(Records from a collection)
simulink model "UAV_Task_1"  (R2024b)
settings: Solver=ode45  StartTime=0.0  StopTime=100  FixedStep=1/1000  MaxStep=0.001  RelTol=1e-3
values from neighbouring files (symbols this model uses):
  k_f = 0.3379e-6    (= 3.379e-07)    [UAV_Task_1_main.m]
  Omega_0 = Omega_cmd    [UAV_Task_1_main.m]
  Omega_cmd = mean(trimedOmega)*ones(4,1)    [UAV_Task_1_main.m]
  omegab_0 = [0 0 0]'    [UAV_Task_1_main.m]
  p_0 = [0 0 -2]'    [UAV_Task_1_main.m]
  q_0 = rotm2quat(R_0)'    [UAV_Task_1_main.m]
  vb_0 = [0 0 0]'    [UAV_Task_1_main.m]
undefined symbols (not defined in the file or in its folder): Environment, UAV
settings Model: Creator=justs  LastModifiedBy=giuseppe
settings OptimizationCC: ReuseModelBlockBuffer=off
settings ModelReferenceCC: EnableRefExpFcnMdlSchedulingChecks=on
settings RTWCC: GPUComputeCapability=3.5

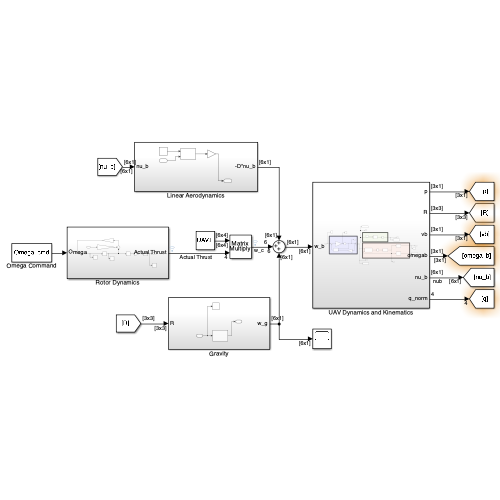
[thumbnail: Simulink's stored preview of the top-level diagram]
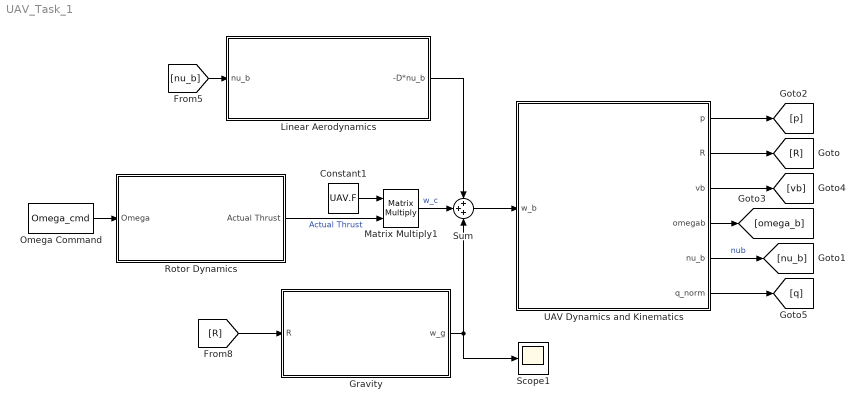
== system UAV_Task_1 ==
  Constant1 : Constant  Value=UAV.F
  Gravity : Subsystem
  Linear Aerodynamics : Subsystem
  Matrix Multiply1 : Product  Multiplication=Matrix(*)
  Omega Command : Constant  Value=Omega_cmd
  Rotor Dynamics : Subsystem
  Scope1 : Scope
  Sum : Sum  Inputs=+++
  UAV Dynamics and Kinematics : Subsystem
  wires:
  Sum/1 -> UAV Dynamics and Kinematics/1(w_b)
  Constant1/1 -> Matrix Multiply1/1
  Matrix Multiply1/1 -> Sum/2  "w_c"
  Rotor Dynamics/1(Actual Thrust) -> Matrix Multiply1/2  "Actual Thrust"
  UAV Dynamics and Kinematics/2(R) -> [R]
  UAV Dynamics and Kinematics/4(omegab) -> [omega_b]
  Linear Aerodynamics/1(-D*nu_b) -> Sum/1
  Gravity/1(w_g) -> Sum/3, Scope1/1
  UAV Dynamics and Kinematics/1(p) -> [p]
  UAV Dynamics and Kinematics/3(vb) -> [vb]
  UAV Dynamics and Kinematics/6(q_norm) -> [q]
  [nu_b] -> Linear Aerodynamics/1(nu_b)
  UAV Dynamics and Kinematics/5(nu_b) -> [nu_b]  "nub"
  [R] -> Gravity/1(R)
  Omega Command/1 -> Rotor Dynamics/1(Omega)

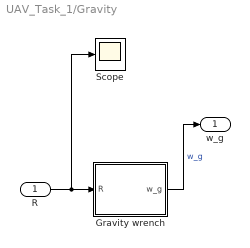
== system UAV_Task_1/Gravity ==
  R : Inport
  Gravity wrench : MATLAB Function  TreatAsAtomicUnit=on
  Scope : Scope
  w_g : Outport
  wires:
  Gravity wrench/1(w_g) -> w_g/1  "w_g"
  R/1 -> Scope/1, Gravity wrench/1(R)

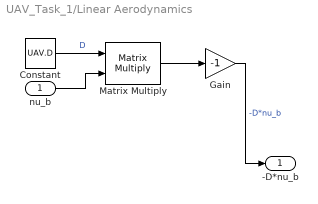
== system UAV_Task_1/Linear Aerodynamics ==
  nu_b : Inport
  Constant : Constant  Value=UAV.D
  Gain : Gain  Gain=-1
  Matrix Multiply : Product  Multiplication=Matrix(*)
  -D*nu_b : Outport
  wires:
  Gain/1 -> -D*nu_b/1  "-D*nu_b"
  Matrix Multiply/1 -> Gain/1
  Constant/1 -> Matrix Multiply/1  "D"
  nu_b/1 -> Matrix Multiply/2

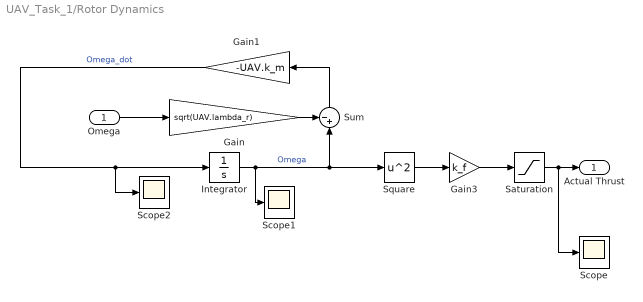
== system UAV_Task_1/Rotor Dynamics ==
  Omega : Inport
  Gain : Gain  Gain=sqrt(UAV.lambda_r)
  Gain1 : Gain  Gain=-UAV.k_m
  Gain3 : Gain  Gain=k_f
  Integrator : Integrator  InitialCondition=Omega_0
  Saturation : Saturate  UpperLimit=UAV.T_max  LowerLimit=UAV.T_min
  Scope : Scope
  Scope1 : Scope
  Scope2 : Scope
  Square : Math  Operator=square
  Sum : Sum  Inputs=-+|
  Actual Thrust : Outport
  wires:
  Square/1 -> Gain3/1
  Gain3/1 -> Saturation/1
  Saturation/1 -> Scope/1, Actual Thrust/1
  Omega/1 -> Gain/1
  Integrator/1 -> Scope1/1, Square/1, Sum/2  "Omega"
  Gain/1 -> Sum/1
  Sum/1 -> Gain1/1
  Gain1/1 -> Integrator/1, Scope2/1  "Omega_dot"

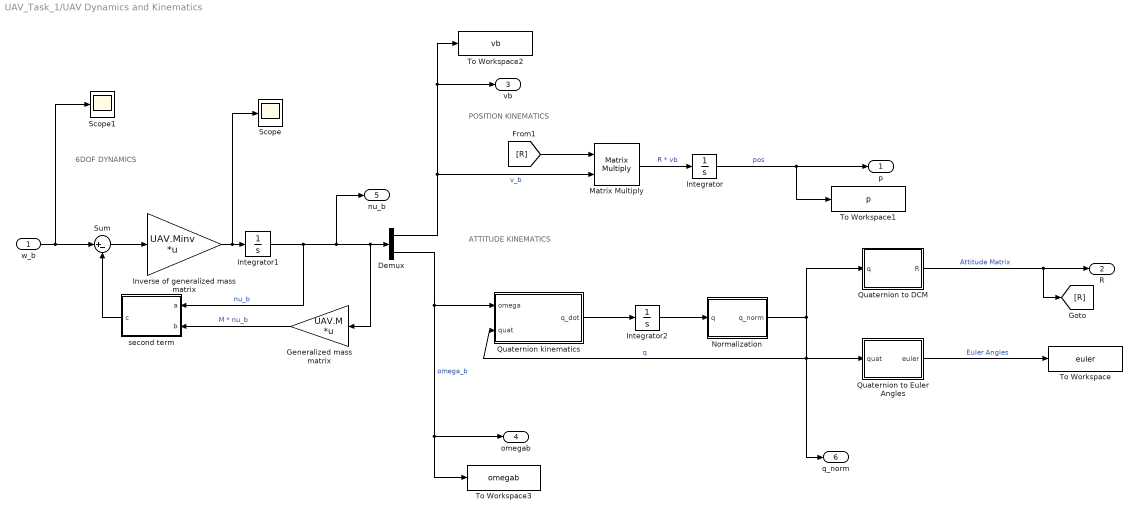
== system UAV_Task_1/UAV Dynamics and Kinematics ==
  note: 6DOF DYNAMICS
  note: ATTITUDE KINEMATICS
  note: POSITION KINEMATICS
  w_b : Inport
  Demux : Demux  Outputs=2
  Generalized mass matrix : Gain  Gain=UAV.M  Multiplication=Matrix(K*u)
  Integrator : Integrator  InitialCondition=p_0
  Integrator1 : Integrator  InitialCondition=[vb_0;omegab_0]
  Integrator2 : Integrator  InitialCondition=q_0
  Inverse of generalized mass matrix : Gain  Gain=UAV.Minv  Multiplication=Matrix(K*u)
  Matrix Multiply : Product  Multiplication=Matrix(*)
  Normalization : MATLAB Function  TreatAsAtomicUnit=on
  Quaternion kinematics : MATLAB Function  TreatAsAtomicUnit=on
  Quaternion to DCM : MATLAB Function  TreatAsAtomicUnit=on
  Quaternion to Euler Angles : MATLAB Function  TreatAsAtomicUnit=on
  Scope : Scope
  Scope1 : Scope
  Sum : Sum  Inputs=|+-
  To Workspace : ToWorkspace  VariableName=euler  SaveFormat=Timeseries  SampleTime=-1
  To Workspace1 : ToWorkspace  VariableName=p  SaveFormat=Timeseries  SampleTime=-1
  To Workspace2 : ToWorkspace  VariableName=vb  SaveFormat=Timeseries  SampleTime=-1
  To Workspace3 : ToWorkspace  VariableName=omegab  SaveFormat=Timeseries  SampleTime=-1
  "second term " : MATLAB Function  TreatAsAtomicUnit=on
  p : Outport
  R : Outport  Port=2
  vb : Outport  Port=3
  omegab : Outport  Port=4
  nu_b : Outport  Port=5
  q_norm : Outport  Port=6
  wires:
  Integrator/1 -> p/1, To Workspace1/1  "pos"
  Quaternion kinematics/1(q_dot) -> Integrator2/1
  Normalization/1(q_norm) -> q_norm/1, Quaternion kinematics/2(quat), Quaternion to Euler Angles/1(quat), Quaternion to DCM/1(q)  "q"
  Quaternion to DCM/1(R) -> R/1, [R]  "Attitude Matrix"
  Demux/1 -> Matrix Multiply/2, vb/1, To Workspace2/1  "v_b"
  Integrator1/1 -> nu_b/1, Demux/1, Generalized mass matrix/1, "second term "/1(a)  "nu_b"
  Integrator2/1 -> Normalization/1(q)
  Matrix Multiply/1 -> Integrator/1  "R * vb"
  Quaternion to Euler Angles/1(euler) -> To Workspace/1  "Euler Angles"
  [R] -> Matrix Multiply/1
  Inverse of generalized mass matrix/1 -> Scope/1, Integrator1/1
  Demux/2 -> omegab/1, To Workspace3/1, Quaternion kinematics/1(omega)  "omega_b"
  Generalized mass matrix/1 -> "second term "/2(b)  "M * nu_b"
  Sum/1 -> Inverse of generalized mass matrix/1
  "second term "/1(c) -> Sum/2
  w_b/1 -> Scope1/1, Sum/1

== matlab function UAV_Task_1/UAV Dynamics and Kinematics/Quaternion to Euler Angles ==
  data: quat input; euler output
function euler = quatToEuler( quat )
%	Converts a quaternion vector to ZYX Euler angles (RPY)

euler = quat2eul(quat','XYZ');

end

== matlab function UAV_Task_1/UAV Dynamics and Kinematics/Normalization ==
  data: q input; q_norm output
function q_norm = quat_norm( q )

norm = sqrt( q(1)^2 + q(2)^2 + q(3)^2 + q(4)^2 );

q_norm = 1/norm * q;

== matlab function UAV_Task_1/UAV Dynamics and Kinematics/Quaternion to DCM ==
  data: q input; R output
function R = fcn(q)

R = quat2rotm(q');

end

== matlab function UAV_Task_1/UAV Dynamics and Kinematics/second term  ==
  data: a input; c output; b input
function c = cross_six(a,b)

a_v = a(1:3);
a_omega = a(4:6);

cross_six = [crossmat(a_omega), zeros(3,3);
             crossmat(a_v), crossmat(a_omega)] ;

c = cross_six*b;

end

function S=crossmat(s)
S=[0  -s(3)  s(2);
    s(3)   0 -s(1);
    -s(2)  s(1)  0];
end

== matlab function UAV_Task_1/Gravity/Gravity wrench ==
  data: R input; w_g output; UAV parameter; Environment parameter
function w_g = fcn(R,UAV,Environment)

e_3 = Environment.e_3;
g = Environment.g;

w_g = g*[UAV.m*R'*e_3; UAV.S*R'*e_3];

== matlab function UAV_Task_1/UAV Dynamics and Kinematics/Quaternion kinematics ==
  data: omega input; quat input; q_dot output
 function q_dot = quat_kin(omega, quat)
%#codegen

eta = quat(1);
eps = quat(2:4);

W=[-eps';
   skew(eps) + eta*eye(3)];

q_dot = 0.5*W*omega;

end

function S=skew(s)
S=[0  -s(3)  s(2);
    s(3)   0 -s(1);
    -s(2)  s(1)  0];
end

[ABOUT THIS EXERCISE] Text only, no pictures: please print exactly the lines above from the line with "Omega/1 -> Gain/1" up to and including the line with "To Workspace3 : ToWorkspace", and nothing else.

[ANSWER BOX]
  Omega/1 -> Gain/1
  Integrator/1 -> Scope1/1, Square/1, Sum/2  "Omega"
  Gain/1 -> Sum/1
  Sum/1 -> Gain1/1
  Gain1/1 -> Integrator/1, Scope2/1  "Omega_dot"

== system UAV_Task_1/UAV Dynamics and Kinematics ==
  note: 6DOF DYNAMICS
  note: ATTITUDE KINEMATICS
  note: POSITION KINEMATICS
  w_b : Inport
  Demux : Demux  Outputs=2
  Generalized mass matrix : Gain  Gain=UAV.M  Multiplication=Matrix(K*u)
  Integrator : Integrator  InitialCondition=p_0
  Integrator1 : Integrator  InitialCondition=[vb_0;omegab_0]
  Integrator2 : Integrator  InitialCondition=q_0
  Inverse of generalized mass matrix : Gain  Gain=UAV.Minv  Multiplication=Matrix(K*u)
  Matrix Multiply : Product  Multiplication=Matrix(*)
  Normalization : MATLAB Function  TreatAsAtomicUnit=on
  Quaternion kinematics : MATLAB Function  TreatAsAtomicUnit=on
  Quaternion to DCM : MATLAB Function  TreatAsAtomicUnit=on
  Quaternion to Euler Angles : MATLAB Function  TreatAsAtomicUnit=on
  Scope : Scope
  Scope1 : Scope
  Sum : Sum  Inputs=|+-
  To Workspace : ToWorkspace  VariableName=euler  SaveFormat=Timeseries  SampleTime=-1
  To Workspace1 : ToWorkspace  VariableName=p  SaveFormat=Timeseries  SampleTime=-1
  To Workspace2 : ToWorkspace  VariableName=vb  SaveFormat=Timeseries  SampleTime=-1
  To Workspace3 : ToWorkspace  VariableName=omegab  SaveFormat=Timeseries  SampleTime=-1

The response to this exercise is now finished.